Niedersachsens Gesundheitsminister Andreas Philippi (SPD) hat sich Forderungen nach einer Gleichbehandlung von gesetzlich versicherten Patienten bei der ärztlichen Terminvergabe und bei medizinischen Leistungen angeschlossen. Die „strukturell bedingte und historisch gewachsene Zweiklassenmedizin“ müsse von einer neuen Bundesregierung beendet werden, sagte Philippi der „Hannoverschen Allgemeinen Zeitung“ (HAZ, Freitag). Zuvor hatten der Spitzenverband der gesetzlichen Krankenkassen und die Deutsche Stiftung Patientenschutz ebenfalls eine Gleichbehandlung von Kassenpatienten gefordert.
„Vor allem in Facharztpraxen ziehen gesetzlich Versicherte regelmäßig den Kürzeren gegenüber Menschen mit Privatversicherung“, betonte Philippi.
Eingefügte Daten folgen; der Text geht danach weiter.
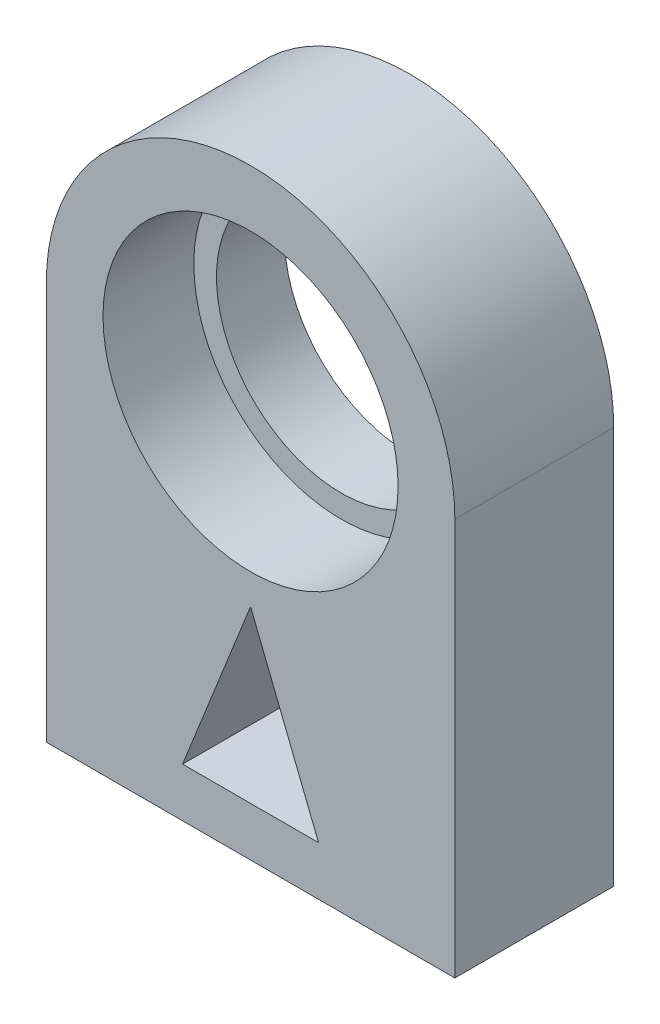
ISO-10303-21;
HEADER;
FILE_DESCRIPTION(('STEP AP214'),'2;1');
FILE_NAME('part.step','',(''),(''),'','','');
FILE_SCHEMA(('AUTOMOTIVE_DESIGN { 1 0 10303 214 1 1 1 1 }'));
ENDSEC;
DATA;
#1=APPLICATION_CONTEXT('core data for automotive mechanical design processes');
#2=APPLICATION_PROTOCOL_DEFINITION('international standard','automotive_design',2000,#1);
#3=PRODUCT_CONTEXT('',#1,'mechanical');
#4=PRODUCT('Part','Part','',(#3));
#5=PRODUCT_RELATED_PRODUCT_CATEGORY('part','',(#4));
#6=PRODUCT_DEFINITION_FORMATION('','',#4);
#7=PRODUCT_DEFINITION_CONTEXT('part definition',#1,'design');
#8=PRODUCT_DEFINITION('design','',#6,#7);
#9=PRODUCT_DEFINITION_SHAPE('','',#8);
#10=(LENGTH_UNIT() NAMED_UNIT(*) SI_UNIT(.MILLI.,.METRE.));
#11=(NAMED_UNIT(*) PLANE_ANGLE_UNIT() SI_UNIT($,.RADIAN.));
#12=(NAMED_UNIT(*) SI_UNIT($,.STERADIAN.) SOLID_ANGLE_UNIT());
#13=UNCERTAINTY_MEASURE_WITH_UNIT(LENGTH_MEASURE(1.E-05),#10,'distance_accuracy_value','');
#14=(GEOMETRIC_REPRESENTATION_CONTEXT(3) GLOBAL_UNCERTAINTY_ASSIGNED_CONTEXT((#13)) GLOBAL_UNIT_ASSIGNED_CONTEXT((#10,
#11,#12)) REPRESENTATION_CONTEXT('',''));
#15=CARTESIAN_POINT('',(0.,0.,0.));
#16=DIRECTION('',(0.,0.,1.));
#17=DIRECTION('',(1.,0.,0.));
#18=AXIS2_PLACEMENT_3D('',#15,#16,#17);
#19=CARTESIAN_POINT('',(0.,0.,7.));
#20=DIRECTION('',(0.,0.,1.));
#21=DIRECTION('',(1.,0.,0.));
#22=AXIS2_PLACEMENT_3D('',#19,#20,#21);
#23=PLANE('',#22);
#24=CARTESIAN_POINT('',(9.,18.,7.));
#25=DIRECTION('',(0.,0.,1.));
#26=DIRECTION('',(1.,0.,0.));
#27=AXIS2_PLACEMENT_3D('',#24,#25,#26);
#28=CIRCLE('',#27,6.5);
#29=CARTESIAN_POINT('',(15.5,18.,7.));
#30=VERTEX_POINT('',#29);
#31=EDGE_CURVE('E144',#30,#30,#28,.T.);
#32=ORIENTED_EDGE('',*,*,#31,.F.);
#33=EDGE_LOOP('',(#32));
#34=FACE_BOUND('',#33,.T.);
#35=DIRECTION('',(0.,1.,0.));
#36=VECTOR('',#35,1.);
#37=CARTESIAN_POINT('',(0.,0.,7.));
#38=LINE('',#37,#36);
#39=CARTESIAN_POINT('',(0.,0.5,7.));
#40=VERTEX_POINT('',#39);
#41=CARTESIAN_POINT('',(0.,18.,7.));
#42=VERTEX_POINT('',#41);
#43=EDGE_CURVE('E161',#40,#42,#38,.T.);
#44=ORIENTED_EDGE('',*,*,#43,.F.);
#45=DIRECTION('',(-1.,0.,0.));
#46=VECTOR('',#45,1.);
#47=CARTESIAN_POINT('',(18.,0.5,7.));
#48=LINE('',#47,#46);
#49=CARTESIAN_POINT('',(18.,0.5,7.));
#50=VERTEX_POINT('',#49);
#51=EDGE_CURVE('E135',#50,#40,#48,.T.);
#52=ORIENTED_EDGE('',*,*,#51,.F.);
#53=DIRECTION('',(0.,1.,0.));
#54=VECTOR('',#53,1.);
#55=CARTESIAN_POINT('',(18.,0.,7.));
#56=LINE('',#55,#54);
#57=CARTESIAN_POINT('',(18.,18.,7.));
#58=VERTEX_POINT('',#57);
#59=EDGE_CURVE('E164',#50,#58,#56,.T.);
#60=ORIENTED_EDGE('',*,*,#59,.T.);
#61=CARTESIAN_POINT('',(9.,18.,7.));
#62=DIRECTION('',(0.,0.,1.));
#63=DIRECTION('',(1.,0.,0.));
#64=AXIS2_PLACEMENT_3D('',#61,#62,#63);
#65=CIRCLE('',#64,9.);
#66=EDGE_CURVE('E158',#58,#42,#65,.T.);
#67=ORIENTED_EDGE('',*,*,#66,.T.);
#68=EDGE_LOOP('',(#44,#52,#60,#67));
#69=FACE_BOUND('',#68,.T.);
#70=DIRECTION('',(1.,0.,0.));
#71=VECTOR('',#70,1.);
#72=CARTESIAN_POINT('',(0.,2.66294546498915,7.));
#73=LINE('',#72,#71);
#74=CARTESIAN_POINT('',(6.00458727314255,2.66294546498915,7.));
#75=VERTEX_POINT('',#74);
#76=CARTESIAN_POINT('',(11.9954127268574,2.66294546498915,7.));
#77=VERTEX_POINT('',#76);
#78=EDGE_CURVE('E111',#75,#77,#73,.T.);
#79=ORIENTED_EDGE('',*,*,#78,.F.);
#80=DIRECTION('',(0.370591335929602,0.928796028056706,0.));
#81=VECTOR('',#80,1.);
#82=CARTESIAN_POINT('',(4.26333379293957,-1.7010780818529,7.));
#83=LINE('',#82,#81);
#84=CARTESIAN_POINT('',(9.,10.1702106742983,7.));
#85=VERTEX_POINT('',#84);
#86=EDGE_CURVE('E130',#75,#85,#83,.T.);
#87=ORIENTED_EDGE('',*,*,#86,.T.);
#88=DIRECTION('',(0.370591335929602,-0.928796028056706,0.));
#89=VECTOR('',#88,1.);
#90=CARTESIAN_POINT('',(11.2645833182709,4.49458961333267,7.));
#91=LINE('',#90,#89);
#92=EDGE_CURVE('E126',#85,#77,#91,.T.);
#93=ORIENTED_EDGE('',*,*,#92,.T.);
#94=EDGE_LOOP('',(#79,#87,#93));
#95=FACE_BOUND('',#94,.T.);
#96=ADVANCED_FACE('F45',(#34,#69,#95),#23,.T.);
#97=CARTESIAN_POINT('',(0.,0.,0.));
#98=DIRECTION('',(0.,0.,1.));
#99=DIRECTION('',(1.,0.,0.));
#100=AXIS2_PLACEMENT_3D('',#97,#98,#99);
#101=PLANE('',#100);
#102=DIRECTION('',(1.,0.,0.));
#103=VECTOR('',#102,1.);
#104=CARTESIAN_POINT('',(18.,0.5,0.));
#105=LINE('',#104,#103);
#106=CARTESIAN_POINT('',(0.,0.5,0.));
#107=VERTEX_POINT('',#106);
#108=CARTESIAN_POINT('',(18.,0.5,0.));
#109=VERTEX_POINT('',#108);
#110=EDGE_CURVE('E139',#107,#109,#105,.T.);
#111=ORIENTED_EDGE('',*,*,#110,.F.);
#112=DIRECTION('',(0.,1.,0.));
#113=VECTOR('',#112,1.);
#114=CARTESIAN_POINT('',(0.,0.,0.));
#115=LINE('',#114,#113);
#116=CARTESIAN_POINT('',(0.,18.,0.));
#117=VERTEX_POINT('',#116);
#118=EDGE_CURVE('E171',#107,#117,#115,.T.);
#119=ORIENTED_EDGE('',*,*,#118,.T.);
#120=CARTESIAN_POINT('',(9.,18.,0.));
#121=DIRECTION('',(0.,0.,1.));
#122=DIRECTION('',(1.,0.,0.));
#123=AXIS2_PLACEMENT_3D('',#120,#121,#122);
#124=CIRCLE('',#123,9.);
#125=CARTESIAN_POINT('',(18.,18.,0.));
#126=VERTEX_POINT('',#125);
#127=EDGE_CURVE('E168',#126,#117,#124,.T.);
#128=ORIENTED_EDGE('',*,*,#127,.F.);
#129=DIRECTION('',(0.,1.,0.));
#130=VECTOR('',#129,1.);
#131=CARTESIAN_POINT('',(18.,0.,0.));
#132=LINE('',#131,#130);
#133=EDGE_CURVE('E162',#109,#126,#132,.T.);
#134=ORIENTED_EDGE('',*,*,#133,.F.);
#135=EDGE_LOOP('',(#111,#119,#128,#134));
#136=FACE_BOUND('',#135,.T.);
#137=CARTESIAN_POINT('',(9.,18.,0.));
#138=DIRECTION('',(0.,0.,1.));
#139=DIRECTION('',(1.,0.,0.));
#140=AXIS2_PLACEMENT_3D('',#137,#138,#139);
#141=CIRCLE('',#140,5.5);
#142=CARTESIAN_POINT('',(14.5,18.,0.));
#143=VERTEX_POINT('',#142);
#144=EDGE_CURVE('E154',#143,#143,#141,.T.);
#145=ORIENTED_EDGE('',*,*,#144,.T.);
#146=EDGE_LOOP('',(#145));
#147=FACE_BOUND('',#146,.T.);
#148=DIRECTION('',(-0.370591335929602,-0.928796028056706,0.));
#149=VECTOR('',#148,1.);
#150=CARTESIAN_POINT('',(4.26333379293957,-1.7010780818529,0.));
#151=LINE('',#150,#149);
#152=CARTESIAN_POINT('',(9.,10.1702106742983,0.));
#153=VERTEX_POINT('',#152);
#154=CARTESIAN_POINT('',(6.00458727314255,2.66294546498915,0.));
#155=VERTEX_POINT('',#154);
#156=EDGE_CURVE('E70',#153,#155,#151,.T.);
#157=ORIENTED_EDGE('',*,*,#156,.T.);
#158=DIRECTION('',(-1.,0.,0.));
#159=VECTOR('',#158,1.);
#160=CARTESIAN_POINT('',(0.,2.66294546498915,0.));
#161=LINE('',#160,#159);
#162=CARTESIAN_POINT('',(11.9954127268574,2.66294546498915,0.));
#163=VERTEX_POINT('',#162);
#164=EDGE_CURVE('E109',#163,#155,#161,.T.);
#165=ORIENTED_EDGE('',*,*,#164,.F.);
#166=DIRECTION('',(-0.370591335929602,0.928796028056706,0.));
#167=VECTOR('',#166,1.);
#168=CARTESIAN_POINT('',(11.2645833182709,4.49458961333267,0.));
#169=LINE('',#168,#167);
#170=EDGE_CURVE('E117',#163,#153,#169,.T.);
#171=ORIENTED_EDGE('',*,*,#170,.T.);
#172=EDGE_LOOP('',(#157,#165,#171));
#173=FACE_BOUND('',#172,.T.);
#174=ADVANCED_FACE('F121',(#136,#147,#173),#101,.F.);
#175=CARTESIAN_POINT('',(0.,0.,7.));
#176=DIRECTION('',(-1.,0.,0.));
#177=DIRECTION('',(0.,0.,1.));
#178=AXIS2_PLACEMENT_3D('',#175,#176,#177);
#179=PLANE('',#178);
#180=ORIENTED_EDGE('',*,*,#118,.F.);
#181=DIRECTION('',(0.,0.,-1.));
#182=VECTOR('',#181,1.);
#183=CARTESIAN_POINT('',(0.,0.5,0.));
#184=LINE('',#183,#182);
#185=EDGE_CURVE('E137',#40,#107,#184,.T.);
#186=ORIENTED_EDGE('',*,*,#185,.F.);
#187=ORIENTED_EDGE('',*,*,#43,.T.);
#188=DIRECTION('',(0.,0.,-1.));
#189=VECTOR('',#188,1.);
#190=CARTESIAN_POINT('',(0.,18.,7.));
#191=LINE('',#190,#189);
#192=EDGE_CURVE('E11',#42,#117,#191,.T.);
#193=ORIENTED_EDGE('',*,*,#192,.T.);
#194=EDGE_LOOP('',(#180,#186,#187,#193));
#195=FACE_BOUND('',#194,.T.);
#196=ADVANCED_FACE('F229',(#195),#179,.T.);
#197=CARTESIAN_POINT('',(18.,0.,7.));
#198=DIRECTION('',(-1.,0.,0.));
#199=DIRECTION('',(0.,0.,1.));
#200=AXIS2_PLACEMENT_3D('',#197,#198,#199);
#201=PLANE('',#200);
#202=DIRECTION('',(0.,0.,1.));
#203=VECTOR('',#202,1.);
#204=CARTESIAN_POINT('',(18.,0.5,0.));
#205=LINE('',#204,#203);
#206=EDGE_CURVE('E133',#109,#50,#205,.T.);
#207=ORIENTED_EDGE('',*,*,#206,.F.);
#208=ORIENTED_EDGE('',*,*,#133,.T.);
#209=DIRECTION('',(0.,0.,-1.));
#210=VECTOR('',#209,1.);
#211=CARTESIAN_POINT('',(18.,18.,7.));
#212=LINE('',#211,#210);
#213=EDGE_CURVE('E54',#58,#126,#212,.T.);
#214=ORIENTED_EDGE('',*,*,#213,.F.);
#215=ORIENTED_EDGE('',*,*,#59,.F.);
#216=EDGE_LOOP('',(#207,#208,#214,#215));
#217=FACE_BOUND('',#216,.T.);
#218=ADVANCED_FACE('F231',(#217),#201,.F.);
#219=CARTESIAN_POINT('',(9.,18.,7.));
#220=DIRECTION('',(0.,0.,-1.));
#221=DIRECTION('',(-1.,0.,0.));
#222=AXIS2_PLACEMENT_3D('',#219,#220,#221);
#223=CYLINDRICAL_SURFACE('',#222,5.5);
#224=ORIENTED_EDGE('',*,*,#144,.F.);
#225=EDGE_LOOP('',(#224));
#226=FACE_BOUND('',#225,.T.);
#227=CARTESIAN_POINT('',(9.,18.,3.));
#228=DIRECTION('',(0.,0.,1.));
#229=DIRECTION('',(1.,0.,0.));
#230=AXIS2_PLACEMENT_3D('',#227,#228,#229);
#231=CIRCLE('',#230,5.5);
#232=CARTESIAN_POINT('',(14.5,18.,3.));
#233=VERTEX_POINT('',#232);
#234=EDGE_CURVE('E148',#233,#233,#231,.T.);
#235=ORIENTED_EDGE('',*,*,#234,.T.);
#236=EDGE_LOOP('',(#235));
#237=FACE_BOUND('',#236,.T.);
#238=ADVANCED_FACE('F47',(#226,#237),#223,.F.);
#239=CARTESIAN_POINT('',(9.,18.,7.));
#240=DIRECTION('',(0.,0.,-1.));
#241=DIRECTION('',(-1.,0.,0.));
#242=AXIS2_PLACEMENT_3D('',#239,#240,#241);
#243=CYLINDRICAL_SURFACE('',#242,9.);
#244=ORIENTED_EDGE('',*,*,#127,.T.);
#245=ORIENTED_EDGE('',*,*,#192,.F.);
#246=ORIENTED_EDGE('',*,*,#66,.F.);
#247=ORIENTED_EDGE('',*,*,#213,.T.);
#248=EDGE_LOOP('',(#244,#245,#246,#247));
#249=FACE_BOUND('',#248,.T.);
#250=ADVANCED_FACE('F189',(#249),#243,.T.);
#251=CARTESIAN_POINT('',(9.,18.,3.));
#252=DIRECTION('',(0.,0.,1.));
#253=DIRECTION('',(1.,0.,0.));
#254=AXIS2_PLACEMENT_3D('',#251,#252,#253);
#255=CYLINDRICAL_SURFACE('',#254,6.5);
#256=CARTESIAN_POINT('',(9.,18.,3.));
#257=DIRECTION('',(0.,0.,1.));
#258=DIRECTION('',(1.,0.,0.));
#259=AXIS2_PLACEMENT_3D('',#256,#257,#258);
#260=CIRCLE('',#259,6.5);
#261=CARTESIAN_POINT('',(15.5,18.,3.));
#262=VERTEX_POINT('',#261);
#263=EDGE_CURVE('E145',#262,#262,#260,.T.);
#264=ORIENTED_EDGE('',*,*,#263,.F.);
#265=EDGE_LOOP('',(#264));
#266=FACE_BOUND('',#265,.T.);
#267=ORIENTED_EDGE('',*,*,#31,.T.);
#268=EDGE_LOOP('',(#267));
#269=FACE_BOUND('',#268,.T.);
#270=ADVANCED_FACE('F183',(#266,#269),#255,.F.);
#271=CARTESIAN_POINT('',(9.,18.,3.));
#272=DIRECTION('',(0.,0.,1.));
#273=DIRECTION('',(1.,0.,0.));
#274=AXIS2_PLACEMENT_3D('',#271,#272,#273);
#275=PLANE('',#274);
#276=ORIENTED_EDGE('',*,*,#234,.F.);
#277=EDGE_LOOP('',(#276));
#278=FACE_BOUND('',#277,.T.);
#279=ORIENTED_EDGE('',*,*,#263,.T.);
#280=EDGE_LOOP('',(#279));
#281=FACE_BOUND('',#280,.T.);
#282=ADVANCED_FACE('F179',(#278,#281),#275,.T.);
#283=CARTESIAN_POINT('',(0.,0.5,0.));
#284=DIRECTION('',(0.,-1.,0.));
#285=DIRECTION('',(0.,0.,-1.));
#286=AXIS2_PLACEMENT_3D('',#283,#284,#285);
#287=PLANE('',#286);
#288=ORIENTED_EDGE('',*,*,#206,.T.);
#289=ORIENTED_EDGE('',*,*,#51,.T.);
#290=ORIENTED_EDGE('',*,*,#185,.T.);
#291=ORIENTED_EDGE('',*,*,#110,.T.);
#292=EDGE_LOOP('',(#288,#289,#290,#291));
#293=FACE_BOUND('',#292,.T.);
#294=CARTESIAN_POINT('',(15.,0.5,3.5));
#295=DIRECTION('',(0.,-1.,0.));
#296=DIRECTION('',(0.,0.,-1.));
#297=AXIS2_PLACEMENT_3D('',#294,#295,#296);
#298=CIRCLE('',#297,1.25);
#299=CARTESIAN_POINT('',(15.,0.5,2.25));
#300=VERTEX_POINT('',#299);
#301=EDGE_CURVE('E49',#300,#300,#298,.F.);
#302=ORIENTED_EDGE('',*,*,#301,.T.);
#303=EDGE_LOOP('',(#302));
#304=FACE_BOUND('',#303,.T.);
#305=CARTESIAN_POINT('',(3.,0.5,3.5));
#306=DIRECTION('',(0.,-1.,0.));
#307=DIRECTION('',(0.,0.,-1.));
#308=AXIS2_PLACEMENT_3D('',#305,#306,#307);
#309=CIRCLE('',#308,1.25);
#310=CARTESIAN_POINT('',(3.,0.5,2.25));
#311=VERTEX_POINT('',#310);
#312=EDGE_CURVE('E141',#311,#311,#309,.F.);
#313=ORIENTED_EDGE('',*,*,#312,.T.);
#314=EDGE_LOOP('',(#313));
#315=FACE_BOUND('',#314,.T.);
#316=ADVANCED_FACE('F182',(#293,#304,#315),#287,.T.);
#317=CARTESIAN_POINT('',(3.,12.,3.5));
#318=DIRECTION('',(0.,-1.,0.));
#319=DIRECTION('',(0.,0.,-1.));
#320=AXIS2_PLACEMENT_3D('',#317,#318,#319);
#321=PLANE('',#320);
#322=CARTESIAN_POINT('',(3.,12.,3.5));
#323=DIRECTION('',(0.,-1.,0.));
#324=DIRECTION('',(0.,0.,-1.));
#325=AXIS2_PLACEMENT_3D('',#322,#323,#324);
#326=CIRCLE('',#325,1.25);
#327=CARTESIAN_POINT('',(3.,12.,2.25));
#328=VERTEX_POINT('',#327);
#329=EDGE_CURVE('E155',#328,#328,#326,.T.);
#330=ORIENTED_EDGE('',*,*,#329,.T.);
#331=EDGE_LOOP('',(#330));
#332=FACE_BOUND('',#331,.T.);
#333=ADVANCED_FACE('F214',(#332),#321,.T.);
#334=CARTESIAN_POINT('',(3.,12.,3.5));
#335=DIRECTION('',(0.,-1.,0.));
#336=DIRECTION('',(0.,0.,-1.));
#337=AXIS2_PLACEMENT_3D('',#334,#335,#336);
#338=CYLINDRICAL_SURFACE('',#337,1.25);
#339=ORIENTED_EDGE('',*,*,#329,.F.);
#340=EDGE_LOOP('',(#339));
#341=FACE_BOUND('',#340,.T.);
#342=ORIENTED_EDGE('',*,*,#312,.F.);
#343=EDGE_LOOP('',(#342));
#344=FACE_BOUND('',#343,.T.);
#345=ADVANCED_FACE('F218',(#341,#344),#338,.F.);
#346=CARTESIAN_POINT('',(15.,12.,3.5));
#347=DIRECTION('',(0.,-1.,0.));
#348=DIRECTION('',(0.,0.,-1.));
#349=AXIS2_PLACEMENT_3D('',#346,#347,#348);
#350=PLANE('',#349);
#351=CARTESIAN_POINT('',(15.,12.,3.5));
#352=DIRECTION('',(0.,-1.,0.));
#353=DIRECTION('',(0.,0.,-1.));
#354=AXIS2_PLACEMENT_3D('',#351,#352,#353);
#355=CIRCLE('',#354,1.25);
#356=CARTESIAN_POINT('',(15.,12.,2.25));
#357=VERTEX_POINT('',#356);
#358=EDGE_CURVE('E151',#357,#357,#355,.T.);
#359=ORIENTED_EDGE('',*,*,#358,.T.);
#360=EDGE_LOOP('',(#359));
#361=FACE_BOUND('',#360,.T.);
#362=ADVANCED_FACE('F208',(#361),#350,.T.);
#363=CARTESIAN_POINT('',(15.,12.,3.5));
#364=DIRECTION('',(0.,-1.,0.));
#365=DIRECTION('',(0.,0.,-1.));
#366=AXIS2_PLACEMENT_3D('',#363,#364,#365);
#367=CYLINDRICAL_SURFACE('',#366,1.25);
#368=ORIENTED_EDGE('',*,*,#358,.F.);
#369=EDGE_LOOP('',(#368));
#370=FACE_BOUND('',#369,.T.);
#371=ORIENTED_EDGE('',*,*,#301,.F.);
#372=EDGE_LOOP('',(#371));
#373=FACE_BOUND('',#372,.T.);
#374=ADVANCED_FACE('F201',(#370,#373),#367,.F.);
#375=CARTESIAN_POINT('',(4.26333379293957,-1.7010780818529,10.));
#376=DIRECTION('',(0.928796028056706,-0.370591335929602,0.));
#377=DIRECTION('',(0.370591335929602,0.928796028056706,0.));
#378=AXIS2_PLACEMENT_3D('',#375,#376,#377);
#379=PLANE('',#378);
#380=DIRECTION('',(0.,0.,-1.));
#381=VECTOR('',#380,1.);
#382=CARTESIAN_POINT('',(6.00458727314255,2.66294546498915,10.));
#383=LINE('',#382,#381);
#384=EDGE_CURVE('E113',#75,#155,#383,.T.);
#385=ORIENTED_EDGE('',*,*,#384,.T.);
#386=ORIENTED_EDGE('',*,*,#156,.F.);
#387=DIRECTION('',(0.,0.,-1.));
#388=VECTOR('',#387,1.);
#389=CARTESIAN_POINT('',(9.,10.1702106742983,10.));
#390=LINE('',#389,#388);
#391=EDGE_CURVE('E114',#85,#153,#390,.T.);
#392=ORIENTED_EDGE('',*,*,#391,.F.);
#393=ORIENTED_EDGE('',*,*,#86,.F.);
#394=EDGE_LOOP('',(#385,#386,#392,#393));
#395=FACE_BOUND('',#394,.T.);
#396=ADVANCED_FACE('F199',(#395),#379,.T.);
#397=CARTESIAN_POINT('',(0.,2.66294546498915,10.));
#398=DIRECTION('',(0.,-1.,0.));
#399=DIRECTION('',(0.,0.,-1.));
#400=AXIS2_PLACEMENT_3D('',#397,#398,#399);
#401=PLANE('',#400);
#402=ORIENTED_EDGE('',*,*,#78,.T.);
#403=DIRECTION('',(0.,0.,-1.));
#404=VECTOR('',#403,1.);
#405=CARTESIAN_POINT('',(11.9954127268574,2.66294546498915,10.));
#406=LINE('',#405,#404);
#407=EDGE_CURVE('E62',#77,#163,#406,.T.);
#408=ORIENTED_EDGE('',*,*,#407,.T.);
#409=ORIENTED_EDGE('',*,*,#164,.T.);
#410=ORIENTED_EDGE('',*,*,#384,.F.);
#411=EDGE_LOOP('',(#402,#408,#409,#410));
#412=FACE_BOUND('',#411,.T.);
#413=ADVANCED_FACE('F106',(#412),#401,.F.);
#414=CARTESIAN_POINT('',(11.2645833182709,4.49458961333267,10.));
#415=DIRECTION('',(-0.928796028056706,-0.370591335929602,0.));
#416=DIRECTION('',(0.370591335929602,-0.928796028056706,0.));
#417=AXIS2_PLACEMENT_3D('',#414,#415,#416);
#418=PLANE('',#417);
#419=ORIENTED_EDGE('',*,*,#391,.T.);
#420=ORIENTED_EDGE('',*,*,#170,.F.);
#421=ORIENTED_EDGE('',*,*,#407,.F.);
#422=ORIENTED_EDGE('',*,*,#92,.F.);
#423=EDGE_LOOP('',(#419,#420,#421,#422));
#424=FACE_BOUND('',#423,.T.);
#425=ADVANCED_FACE('F118',(#424),#418,.T.);
#426=CLOSED_SHELL('',(#96,#174,#196,#218,#238,#250,#270,#282,#316,#333,#345,#362,#374,#396,#413,#425));
#427=MANIFOLD_SOLID_BREP('B2',#426);
#428=ADVANCED_BREP_SHAPE_REPRESENTATION('',(#18,#427),#14);
#429=SHAPE_DEFINITION_REPRESENTATION(#9,#428);
ENDSEC;
END-ISO-10303-21;

Dem HAZ-Bericht zufolge hält Niedersachsens Gesundheitsminister eine verpflichtende Ausweitung der offenen Sprechstunden und eine weitere Erhöhung von Mindestsprechstunden für notwendig. Zudem sollten Videosprechstunden fest vorgehalten werden.
Auch eine „Harmonisierung der Vergütungen“ zwischen der Behandlung von Kassen- und Privatpatienten regte Philippi an. Zudem forderte der SPD-Politiker den Angaben zufolge, dass auch Privatversicherte nicht sofort einen Facharzt aufsuchen, sondern zunächst den Hausarzt. „Das Primärarztprinzip muss dringend gestärkt werden. Haus- oder auch Kinderärzte müssen eigentlich immer die ersten Ansprechpartner sein.“
Philippi sagte, die Bundesregierung habe in diesem Jahr eine Reform der ambulanten Versorgung in Deutschland beschlossen, die unter anderem eine Entbudgetierung für Hausärzte und damit mehr finanzielle Spielräume vorsehe. Ob dieses Gesetz noch vor der Neuwahl im Februar vom Bundestag beschlossen werde, sei jedoch ungewiss.
Zuvor hatten der Spitzenverband der gesetzlichen Krankenkassen und die Deutsche Stiftung Patientenschutz in Bezug auf die Terminvergabe ebenfalls die Bevorzugung von Privatversicherten gegenüber Kassenpatienten bei der Terminvergabe in Arztpraxen gesetzlich zu unterbinden. Der Vorstand der Deutschen Stiftung Patientenschutz, Eugen Brysch, hatte kritisiert, das Vergabesystem für Fach- und Hausarzttermine sei undurchsichtig. Brysch betonte, die Kassenärztlichen Vereinigungen und die Bundesregierung seien dafür verantwortlich, das System zu überarbeiten. „Transparenz beendet die Diskriminierung“, betonte er. Dadurch werde auch sichtbar, wie viele der bundesweit knapp 100.000 Arztpraxen an ihrer Belastungsgrenze seien.